━━━━━ Data listing ━━━━━

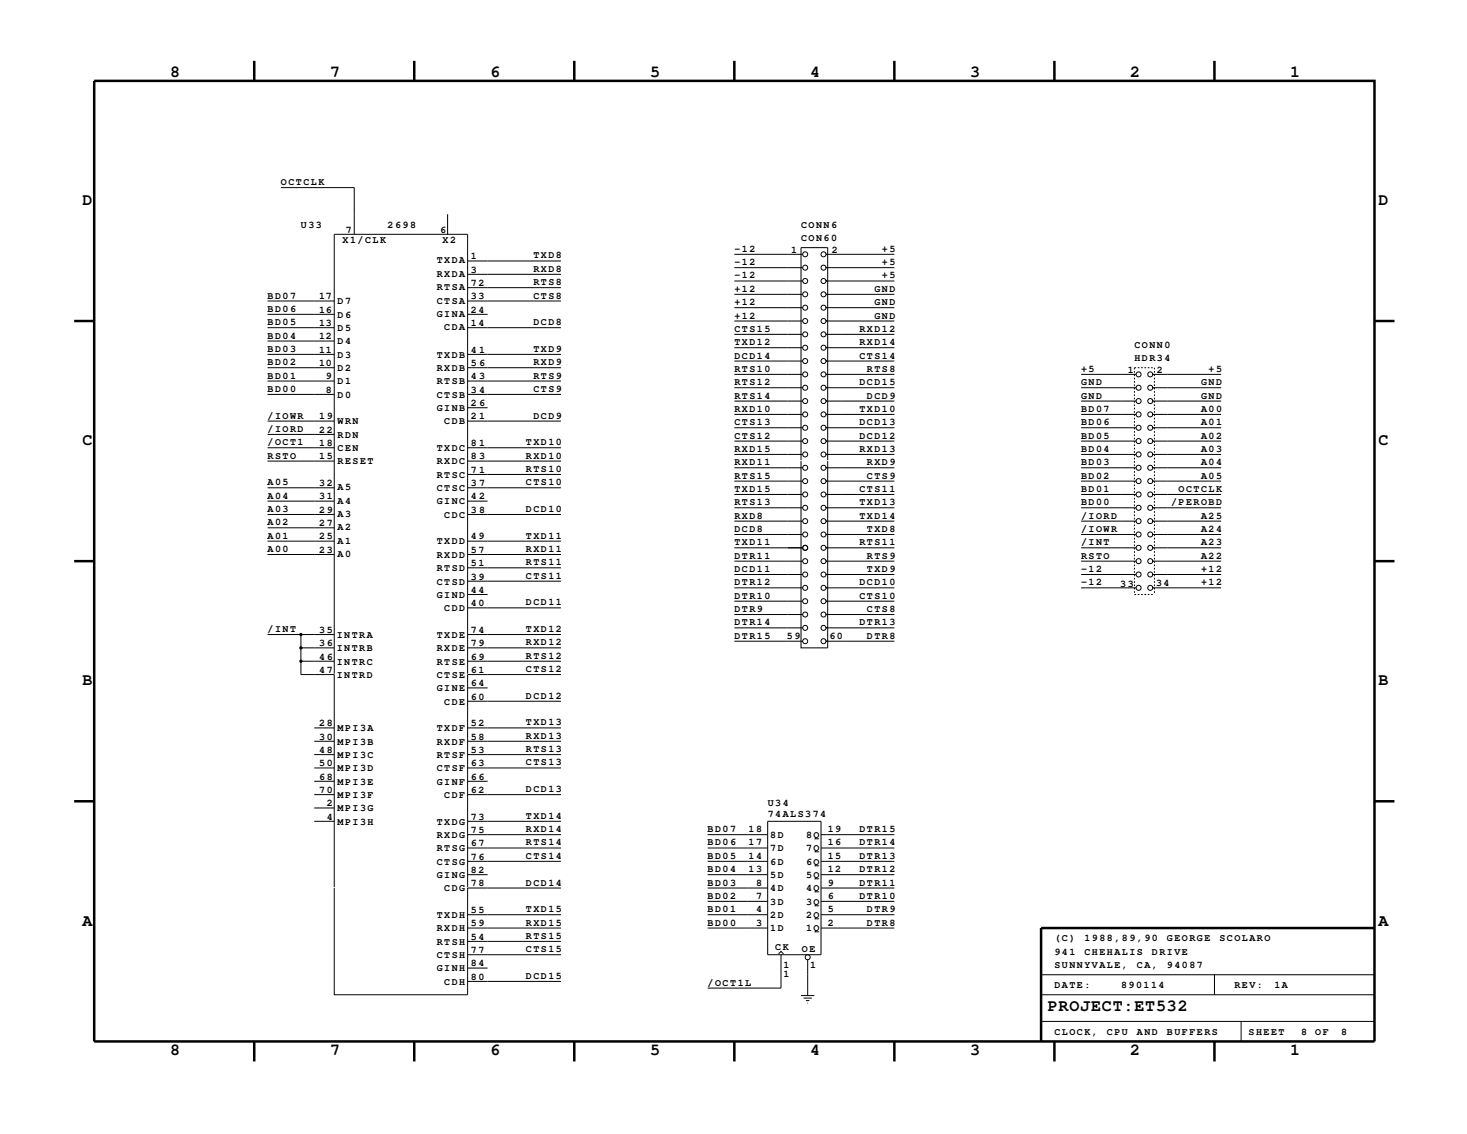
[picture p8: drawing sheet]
<svg xmlns="http://www.w3.org/2000/svg" width="279mm" height="216mm" viewBox="0 0 279 216" stroke-linecap="round" stroke-linejoin="round" font-family="sans-serif">
<g fill="none" stroke="#000" stroke-width=".48">
<path d="M17.9 15.4h243.9v182.9h-243.9zM48.4 11.6v3.8M78.9 11.6v3.8M109.4 11.6v3.8M139.9 11.6v3.8M170.3 11.6v3.8M200.8 11.6v3.8M231.3 11.6v3.8M14.1 61.1h3.8M261.8 61.1h3.8M14.1 106.8h3.8M261.8 106.8h3.8"/>
<path d="M14.1 152.6h3.8M261.8 152.6h3.8M261.8 176.7h-63.5v21.6M48.4 198.3v3.8M78.9 198.3v3.8M109.4 198.3v3.8M139.9 198.3v3.8M170.3 198.3v3.8M200.8 198.3v3.8M231.3 198.3v3.8"/>
</g>
<g fill="none" stroke="#000" stroke-width=".19">
<path d="M53.5 35.7h14v8.9M51 59.8h12.7M51 57.3h12.7M85.2 40.8v3.8M89.1 59.8h3.8M89.1 57.3h17.7M89.1 54.8h17.7M89.1 52.2h17.7M89.1 49.7h17.7M139.9 58.6h13M139.9 56h13M139.9 53.5h13"/>
<path d="M139.9 51h13M139.9 48.4h13M157.3 58.6a.48 .48 0 0 0-.6-.5 .48 .48 0 0 0-.2 .8 .48 .48 0 0 0 .8-.1v-.2h13M157.3 56a.48 .48 0 0 0-.6-.4 .48 .48 0 0 0-.2 .7 .48 .48 0 0 0 .8 0v-.3h13M157.3 53.5a.48 .48 0 0 0-.6-.4 .48 .48 0 0 0-.2 .7 .48 .48 0 0 0 .8-.1v-.2h13M157.3 51a.48 .48 0 0 0-.6-.5 .48 .48 0 0 0-.2 .8 .48 .48 0 0 0 .8-.1v-.2h13M157.3 48.4a.48 .48 0 0 0-.6-.4 .48 .48 0 0 0-.2 .7 .48 .48 0 0 0 .8 0v-.3h13M51 75.1h12.7M51 72.5h12.7M51 70h12.7M51 67.5h12.7M51 64.9h12.7"/>
<path d="M51 62.4h12.7M89.1 75.1h17.7M89.1 72.5h17.7M89.1 70h17.7M89.1 67.5h17.7M89.1 62.4h17.7M89.1 77.6h3.8M139.9 61.1h13M139.9 78.9h13M139.9 76.4h13M139.9 73.8h13M139.9 71.3h13"/>
<path d="M139.9 68.7h13M139.9 66.2h13M139.9 63.7h13M157.3 78.9a.48 .48 0 0 0-.6-.4 .48 .48 0 0 0-.2 .7 .48 .48 0 0 0 .8-.1v-.2h13M157.3 76.4a.48 .48 0 0 0-.6-.5 .48 .48 0 0 0-.2 .8 .48 .48 0 0 0 .8-.1v-.2h13M157.3 73.8a.48 .48 0 0 0-.6-.4 .48 .48 0 0 0-.2 .7 .48 .48 0 0 0 .8 0v-.3h13M157.3 71.3a.48 .48 0 0 0-.6-.5 .48 .48 0 0 0-.2 .8 .48 .48 0 0 0 .8-.1v-.2h13M157.3 68.7a.48 .48 0 0 0-.6-.4 .48 .48 0 0 0-.2 .7 .48 .48 0 0 0 .8 0v-.3h13M157.3 66.2a.48 .48 0 0 0-.6-.4 .48 .48 0 0 0-.2 .7 .48 .48 0 0 0 .8-.1v-.2h13M157.3 63.7a.48 .48 0 0 0-.6-.5 .48 .48 0 0 0-.2 .8 .48 .48 0 0 0 .8-.1v-.2h13M157.3 61.1a.48 .48 0 0 0-.6-.4 .48 .48 0 0 0-.2 .7 .48 .48 0 0 0 .8 0v-.3h13M205.9 78.9h10.5"/>
<path d="M205.9 76.4h10.5M205.9 73.8h10.5M205.9 71.3h10.5M219.6 71.3a.48 .48 0 0 0-.7-.5 .48 .48 0 0 0-.2 .8 .48 .48 0 0 0 .8-.1l.1-.2h13M219.6 73.8a.48 .48 0 0 0-.7-.4 .48 .48 0 0 0-.2 .7 .48 .48 0 0 0 .8 0l.1-.3h13M219.6 76.4a.48 .48 0 0 0-.7-.5 .48 .48 0 0 0-.2 .8 .48 .48 0 0 0 .8-.1l.1-.2h13M219.6 78.9a.48 .48 0 0 0-.7-.4 .48 .48 0 0 0-.2 .7 .48 .48 0 0 0 .8-.1l.1-.2h13M51 87.8h12.7M51 85.2h12.7M51 82.7h12.7M51 80.2h12.7M51 97.9h12.7"/>
<path d="M51 95.4h12.7M51 92.9h12.7M89.1 87.8h17.7M89.1 85.2h17.7M89.1 80.2h17.7M89.1 97.9h17.7M89.1 95.4h3.8M89.1 92.9h17.7M89.1 90.3h17.7M139.9 99.2h13M139.9 96.7h13M139.9 94.1h13"/>
<path d="M139.9 91.6h13M139.9 89.1h13M139.9 86.5h13M139.9 84h13M139.9 81.4h13M152.6 87.8v35.5h5v-35.5M152.6 87.6v-40.5h5v40.5M157.3 99.2a.48 .48 0 0 0-.6-.4 .48 .48 0 0 0-.2 .7 .48 .48 0 0 0 .8 0v-.3h13M157.3 96.7a.48 .48 0 0 0-.6-.5 .48 .48 0 0 0-.2 .8 .48 .48 0 0 0 .8-.1v-.2h13M157.3 94.1a.48 .48 0 0 0-.6-.4 .48 .48 0 0 0-.2 .7 .48 .48 0 0 0 .8 0v-.3h13M157.3 91.6a.48 .48 0 0 0-.6-.4 .48 .48 0 0 0-.2 .7 .48 .48 0 0 0 .8-.1v-.2h13M157.3 89.1a.48 .48 0 0 0-.6-.5 .48 .48 0 0 0-.2 .8 .48 .48 0 0 0 .8-.1v-.2h13"/>
<path d="M157.3 86.5a.48 .48 0 0 0-.6-.4 .48 .48 0 0 0-.2 .7 .48 .48 0 0 0 .8 0v-.3h13M157.3 84a.48 .48 0 0 0-.6-.5 .48 .48 0 0 0-.2 .8 .48 .48 0 0 0 .8-.1v-.2h13M157.3 81.4a.48 .48 0 0 0-.6-.4 .48 .48 0 0 0-.2 .7 .48 .48 0 0 0 .8 0v-.3h13M205.9 99.2h10.5M205.9 96.7h10.5M205.9 94.1h10.5M205.9 91.6h10.5M205.9 89.1h10.5M205.9 86.5h10.5M205.9 84h10.5M205.9 81.4h10.5M219.6 81.4a.48 .48 0 0 0-.7-.4 .48 .48 0 0 0-.2 .7 .48 .48 0 0 0 .8 0l.1-.3h13"/>
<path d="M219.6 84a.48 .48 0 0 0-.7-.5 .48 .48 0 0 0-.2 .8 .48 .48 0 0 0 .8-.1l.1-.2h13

━━━━━

• Activity: Return only the lines from the start of the data through the line that contains "62.4h12.7M89.1 75.1h17.7M89.1 72.5h17.7M89.1", please, copying them exactly and omitting all pictures.

• Written answer:
[picture p8: drawing sheet]
<svg xmlns="http://www.w3.org/2000/svg" width="279mm" height="216mm" viewBox="0 0 279 216" stroke-linecap="round" stroke-linejoin="round" font-family="sans-serif">
<g fill="none" stroke="#000" stroke-width=".48">
<path d="M17.9 15.4h243.9v182.9h-243.9zM48.4 11.6v3.8M78.9 11.6v3.8M109.4 11.6v3.8M139.9 11.6v3.8M170.3 11.6v3.8M200.8 11.6v3.8M231.3 11.6v3.8M14.1 61.1h3.8M261.8 61.1h3.8M14.1 106.8h3.8M261.8 106.8h3.8"/>
<path d="M14.1 152.6h3.8M261.8 152.6h3.8M261.8 176.7h-63.5v21.6M48.4 198.3v3.8M78.9 198.3v3.8M109.4 198.3v3.8M139.9 198.3v3.8M170.3 198.3v3.8M200.8 198.3v3.8M231.3 198.3v3.8"/>
</g>
<g fill="none" stroke="#000" stroke-width=".19">
<path d="M53.5 35.7h14v8.9M51 59.8h12.7M51 57.3h12.7M85.2 40.8v3.8M89.1 59.8h3.8M89.1 57.3h17.7M89.1 54.8h17.7M89.1 52.2h17.7M89.1 49.7h17.7M139.9 58.6h13M139.9 56h13M139.9 53.5h13"/>
<path d="M139.9 51h13M139.9 48.4h13M157.3 58.6a.48 .48 0 0 0-.6-.5 .48 .48 0 0 0-.2 .8 .48 .48 0 0 0 .8-.1v-.2h13M157.3 56a.48 .48 0 0 0-.6-.4 .48 .48 0 0 0-.2 .7 .48 .48 0 0 0 .8 0v-.3h13M157.3 53.5a.48 .48 0 0 0-.6-.4 .48 .48 0 0 0-.2 .7 .48 .48 0 0 0 .8-.1v-.2h13M157.3 51a.48 .48 0 0 0-.6-.5 .48 .48 0 0 0-.2 .8 .48 .48 0 0 0 .8-.1v-.2h13M157.3 48.4a.48 .48 0 0 0-.6-.4 .48 .48 0 0 0-.2 .7 .48 .48 0 0 0 .8 0v-.3h13M51 75.1h12.7M51 72.5h12.7M51 70h12.7M51 67.5h12.7M51 64.9h12.7"/>
<path d="M51 62.4h12.7M89.1 75.1h17.7M89.1 72.5h17.7M89.1 70h17.7M89.1 67.5h17.7M89.1 62.4h17.7M89.1 77.6h3.8M139.9 61.1h13M139.9 78.9h13M139.9 76.4h13M139.9 73.8h13M139.9 71.3h13"/>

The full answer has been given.